- YOUR OBJECTIVE
Please reproduce the data exactly and omit the pictures.

═══ EXERCISE MATERIALS ═══

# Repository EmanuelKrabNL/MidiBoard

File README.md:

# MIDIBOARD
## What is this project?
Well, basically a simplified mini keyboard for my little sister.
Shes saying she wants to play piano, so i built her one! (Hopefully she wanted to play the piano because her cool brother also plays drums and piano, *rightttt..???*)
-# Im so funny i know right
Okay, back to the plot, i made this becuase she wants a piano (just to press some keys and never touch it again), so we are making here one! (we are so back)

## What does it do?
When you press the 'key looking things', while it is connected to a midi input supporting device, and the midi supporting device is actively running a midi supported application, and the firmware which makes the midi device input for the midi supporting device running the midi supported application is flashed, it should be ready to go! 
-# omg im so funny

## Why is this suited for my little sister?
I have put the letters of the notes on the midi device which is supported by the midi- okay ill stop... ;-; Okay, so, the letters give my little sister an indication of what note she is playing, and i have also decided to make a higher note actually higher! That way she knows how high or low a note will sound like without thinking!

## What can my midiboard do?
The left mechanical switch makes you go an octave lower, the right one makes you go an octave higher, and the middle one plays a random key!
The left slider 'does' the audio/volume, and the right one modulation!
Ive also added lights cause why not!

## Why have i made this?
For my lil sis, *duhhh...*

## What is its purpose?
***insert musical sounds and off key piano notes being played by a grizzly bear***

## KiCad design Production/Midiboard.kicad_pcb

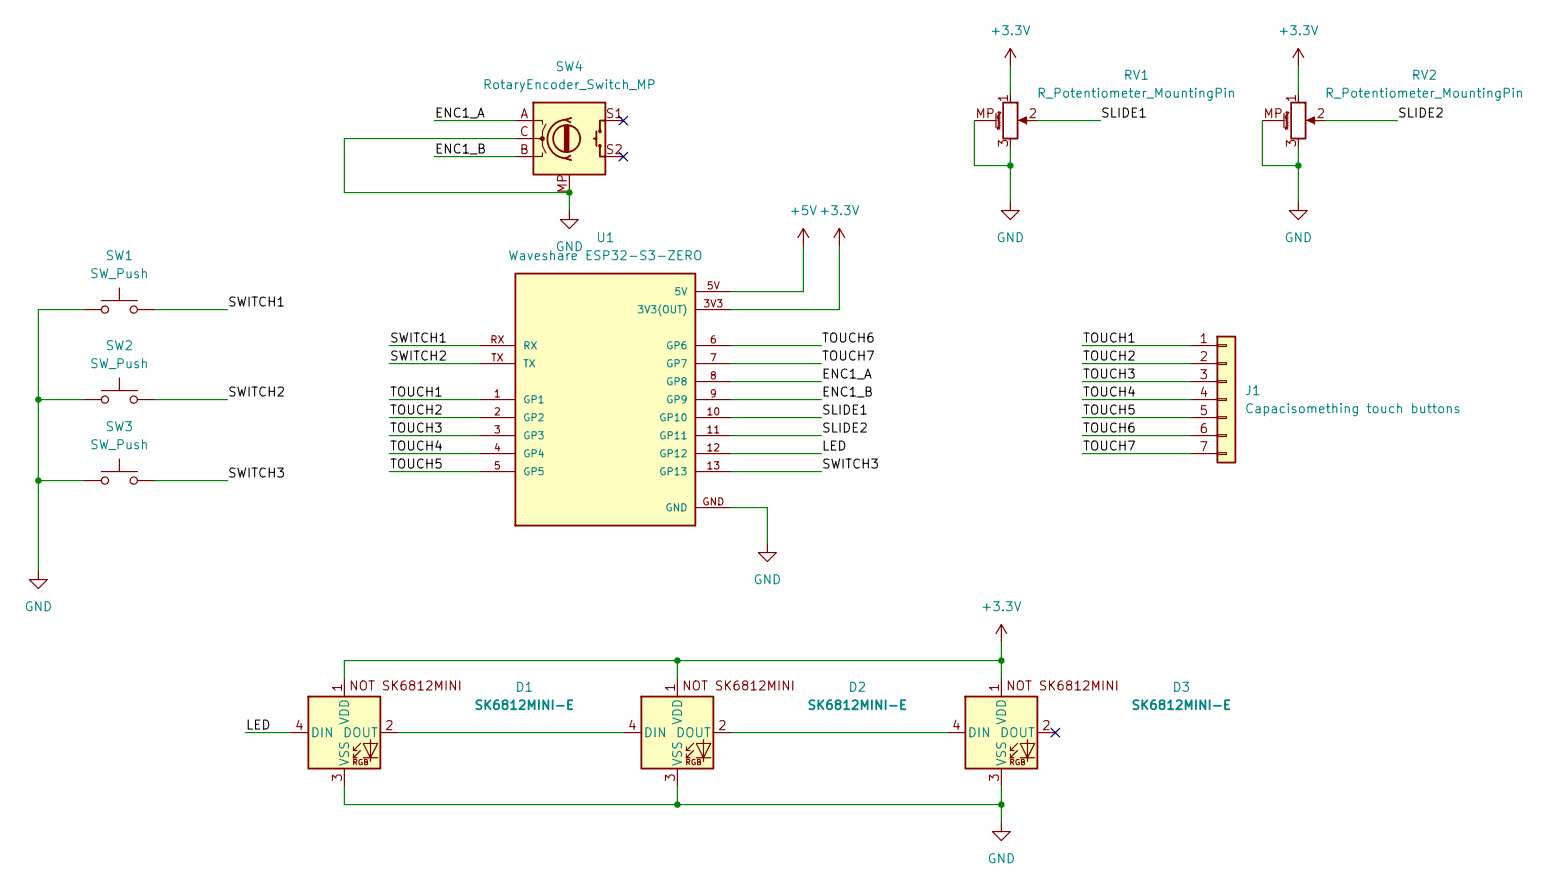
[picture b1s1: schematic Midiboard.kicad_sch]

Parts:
D1, D2, D3: SK6812MINI-E; LED_SK6812MINI-E_3.2x2.8mm_P1.5mm_ReverseMount
J1: Capacisomething touch buttons; Capacitative keys
RV1, RV2: R_Potentiometer_MountingPin; Potentiometer_Bourns_PTA1543_Single_Slide
SW1, SW2, SW3: SW_Push; Kailh Choc Low-Profile Switches
SW4: RotaryEncoder_Switch_MP; RotaryEncoder_Alps_EC11E-Switch_Vertical_H20mm
U1: Waveshare ESP32-S3-ZERO; Waveshare ESP32-S3-Zero; PARTREV NA

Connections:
+3.3V: D1.1 (VDD), D2.1 (VDD), D3.1 (VDD), RV1.1, RV2.1, U1.3V3 (3V3(OUT))
+5V: U1.5V
/ENC1_A: SW4.A, U1.8 (GP8)
/ENC1_B: SW4.B, U1.9 (GP9)
/LED: D1.4 (DIN), U1.12 (GP12)
/SLIDE1: RV1.2, U1.10 (GP10)
/SLIDE2: RV2.2, U1.11 (GP11)
/SWITCH1: SW1.2, U1.RX
/SWITCH2: SW2.2, U1.TX
/SWITCH3: SW3.2, U1.13 (GP13)
/TOUCH1: J1.1, U1.1 (GP1)
/TOUCH2: J1.2, U1.2 (GP2)
/TOUCH3: J1.3, U1.3 (GP3)
/TOUCH4: J1.4, U1.4 (GP4)
/TOUCH5: J1.5, U1.5 (GP5)
/TOUCH6: J1.6, U1.6 (GP6)
/TOUCH7: J1.7, U1.7 (GP7)
GND: D1.3 (VSS), D2.3 (VSS), D3.3 (VSS), RV1.3, RV1.MP (MountPin), RV2.3, RV2.MP (MountPin), SW1.1, SW2.1, SW3.1, SW4.C, SW4.MP, U1.GND
unnamed: D1.2 (DOUT), D2.4 (DIN)
unnamed: D2.2 (DOUT), D3.4 (DIN)

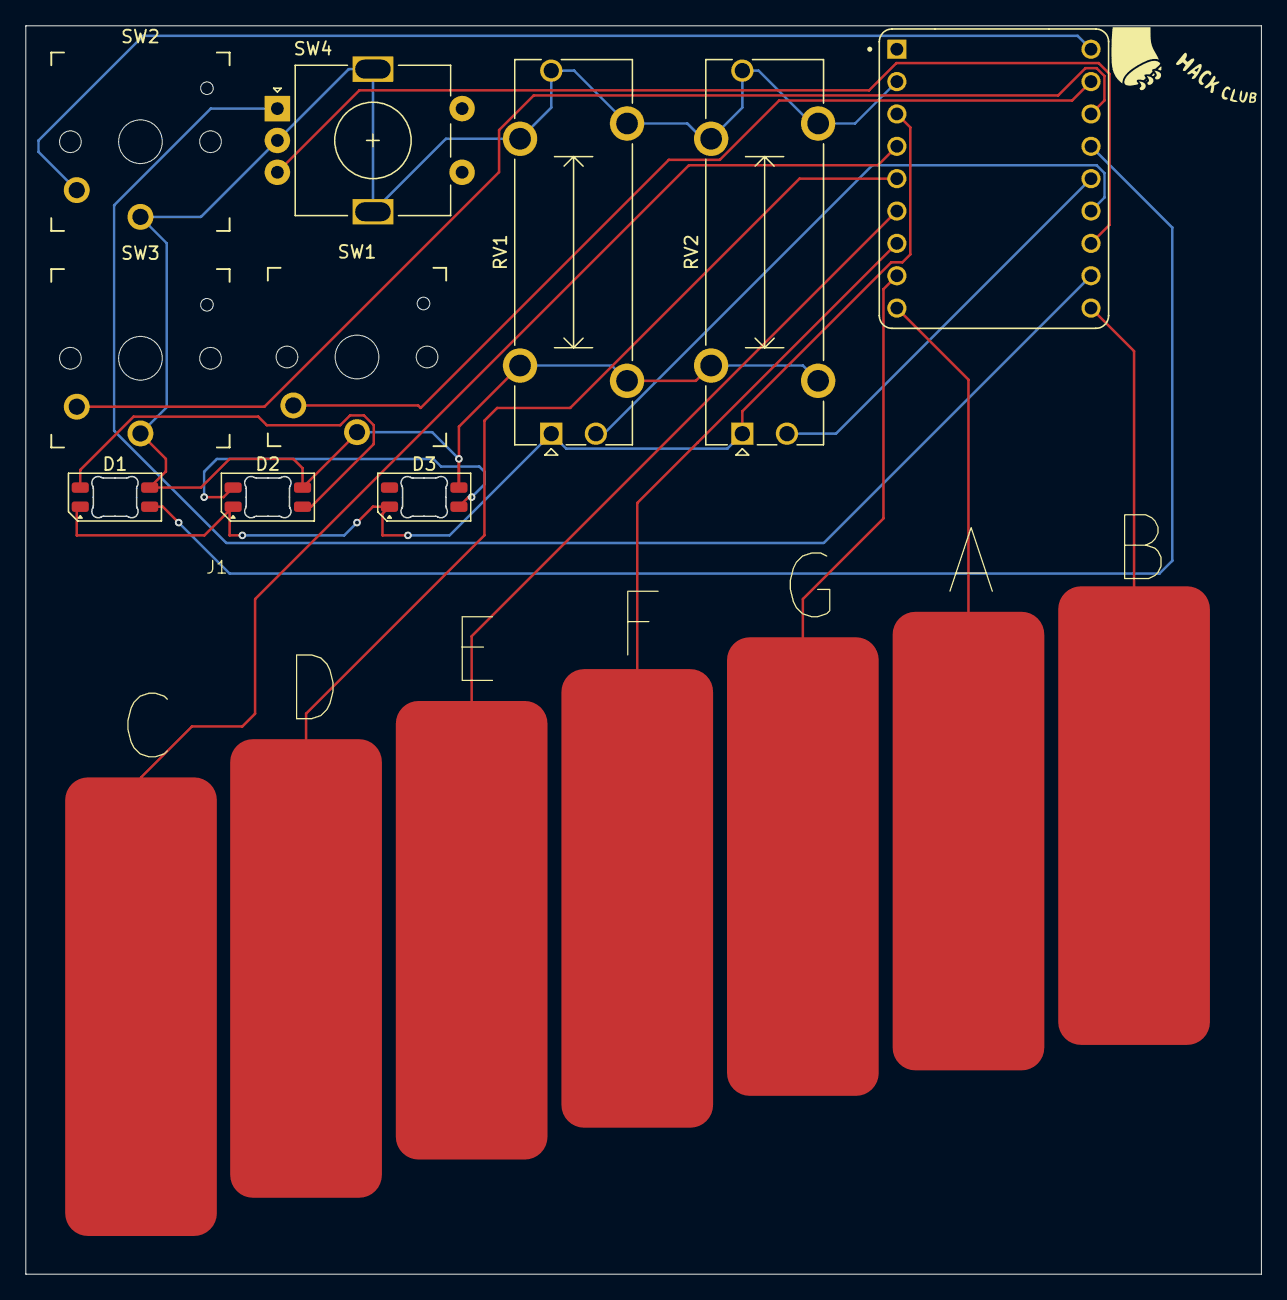
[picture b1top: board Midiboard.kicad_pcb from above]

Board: 2 copper layers, 97.0 x 98.0 mm, 11 parts (0 on the bottom side), 19 nets.

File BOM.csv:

Designator,Footprint,Quantity,Value,Total Cost,Part
"D1, D2, D3",LED_SK6812MINI-E_3.2x2.8mm_P1.5mm_ReverseMount,3 (bought as 20 pack),SK6812MINI-E,€4.99,https://nl.aliexpress.com/item/1005007863635868.html?spm=a2g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
J1,Capacitive Keys,1,Capacitive Touch Buttons,,
"RV1, RV2",Potentiometer_Bourns_PTA1543_Single_Slide,2,Slider,€3.26,https://www.digikey.nl/en/products/detail/bourns-inc/PTA1543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
"SW1, SW2, SW3",Kailh Choc Low-Profile Switches,3,SW_Push,€6.89,https://www.aliexpress.com/item/1005008883418065.html?spm=a2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
SW4,RotaryEncoder_Alps_EC11E-Switch_Vertical_H20mm,1,RotaryEncoder_Switch_MP,$2.59,https://nl.aliexpress.com/item/1005007644083514.html?spm=a2g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
U1,Waveshare ESP32-S3-Zero,1,Waveshare ESP32-S3-ZERO,$7.49,https://nl.aliexpress.com/item/1005007004089798.html?src=goo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
,,,,,
,,,Total Aliexpress:,€21.77,
,,,Total Digikey:,€34.19,
,,,Total JLCPCB: ,$15.89,
,,,Total:,€55.96,

═══

- RESULT FOR THIS EXERCISE
# Repository EmanuelKrabNL/MidiBoard

File README.md:

# MIDIBOARD
## What is this project?
Well, basically a simplified mini keyboard for my little sister.
Shes saying she wants to play piano, so i built her one! (Hopefully she wanted to play the piano because her cool brother also plays drums and piano, *rightttt..???*)
-# Im so funny i know right
Okay, back to the plot, i made this becuase she wants a piano (just to press some keys and never touch it again), so we are making here one! (we are so back)

## What does it do?
When you press the 'key looking things', while it is connected to a midi input supporting device, and the midi supporting device is actively running a midi supported application, and the firmware which makes the midi device input for the midi supporting device running the midi supported application is flashed, it should be ready to go! 
-# omg im so funny

## Why is this suited for my little sister?
I have put the letters of the notes on the midi device which is supported by the midi- okay ill stop... ;-; Okay, so, the letters give my little sister an indication of what note she is playing, and i have also decided to make a higher note actually higher! That way she knows how high or low a note will sound like without thinking!

## What can my midiboard do?
The left mechanical switch makes you go an octave lower, the right one makes you go an octave higher, and the middle one plays a random key!
The left slider 'does' the audio/volume, and the right one modulation!
Ive also added lights cause why not!

## Why have i made this?
For my lil sis, *duhhh...*

## What is its purpose?
***insert musical sounds and off key piano notes being played by a grizzly bear***

## KiCad design Production/Midiboard.kicad_pcb

[picture b1s1: schematic Midiboard.kicad_sch]

Parts:
D1, D2, D3: SK6812MINI-E; LED_SK6812MINI-E_3.2x2.8mm_P1.5mm_ReverseMount
J1: Capacisomething touch buttons; Capacitative keys
RV1, RV2: R_Potentiometer_MountingPin; Potentiometer_Bourns_PTA1543_Single_Slide
SW1, SW2, SW3: SW_Push; Kailh Choc Low-Profile Switches
SW4: RotaryEncoder_Switch_MP; RotaryEncoder_Alps_EC11E-Switch_Vertical_H20mm
U1: Waveshare ESP32-S3-ZERO; Waveshare ESP32-S3-Zero; PARTREV NA

Connections:
+3.3V: D1.1 (VDD), D2.1 (VDD), D3.1 (VDD), RV1.1, RV2.1, U1.3V3 (3V3(OUT))
+5V: U1.5V
/ENC1_A: SW4.A, U1.8 (GP8)
/ENC1_B: SW4.B, U1.9 (GP9)
/LED: D1.4 (DIN), U1.12 (GP12)
/SLIDE1: RV1.2, U1.10 (GP10)
/SLIDE2: RV2.2, U1.11 (GP11)
/SWITCH1: SW1.2, U1.RX
/SWITCH2: SW2.2, U1.TX
/SWITCH3: SW3.2, U1.13 (GP13)
/TOUCH1: J1.1, U1.1 (GP1)
/TOUCH2: J1.2, U1.2 (GP2)
/TOUCH3: J1.3, U1.3 (GP3)
/TOUCH4: J1.4, U1.4 (GP4)
/TOUCH5: J1.5, U1.5 (GP5)
/TOUCH6: J1.6, U1.6 (GP6)
/TOUCH7: J1.7, U1.7 (GP7)
GND: D1.3 (VSS), D2.3 (VSS), D3.3 (VSS), RV1.3, RV1.MP (MountPin), RV2.3, RV2.MP (MountPin), SW1.1, SW2.1, SW3.1, SW4.C, SW4.MP, U1.GND
unnamed: D1.2 (DOUT), D2.4 (DIN)
unnamed: D2.2 (DOUT), D3.4 (DIN)

[picture b1top: board Midiboard.kicad_pcb from above]

Board: 2 copper layers, 97.0 x 98.0 mm, 11 parts (0 on the bottom side), 19 nets.

File BOM.csv:

Designator,Footprint,Quantity,Value,Total Cost,Part
"D1, D2, D3",LED_SK6812MINI-E_3.2x2.8mm_P1.5mm_ReverseMount,3 (bought as 20 pack),SK6812MINI-E,€4.99,https://nl.aliexpress.com/item/1005007863635868.html?spm=a2g
J1,Capacitive Keys,1,Capacitive Touch Buttons,,
"RV1, RV2",Potentiometer_Bourns_PTA1543_Single_Slide,2,Slider,€3.26,https://www.digikey.nl/en/products/detail/bourns-inc/PTA1543
"SW1, SW2, SW3",Kailh Choc Low-Profile Switches,3,SW_Push,€6.89,https://www.aliexpress.com/item/1005008883418065.html?spm=a2
SW4,RotaryEncoder_Alps_EC11E-Switch_Vertical_H20mm,1,RotaryEncoder_Switch_MP,$2.59,https://nl.aliexpress.com/item/1005007644083514.html?spm=a2g
U1,Waveshare ESP32-S3-Zero,1,Waveshare ESP32-S3-ZERO,$7.49,https://nl.aliexpress.com/item/1005007004089798.html?src=goo
,,,,,
,,,Total Aliexpress:,€21.77,
,,,Total Digikey:,€34.19,
,,,Total JLCPCB: ,$15.89,
,,,Total:,€55.96,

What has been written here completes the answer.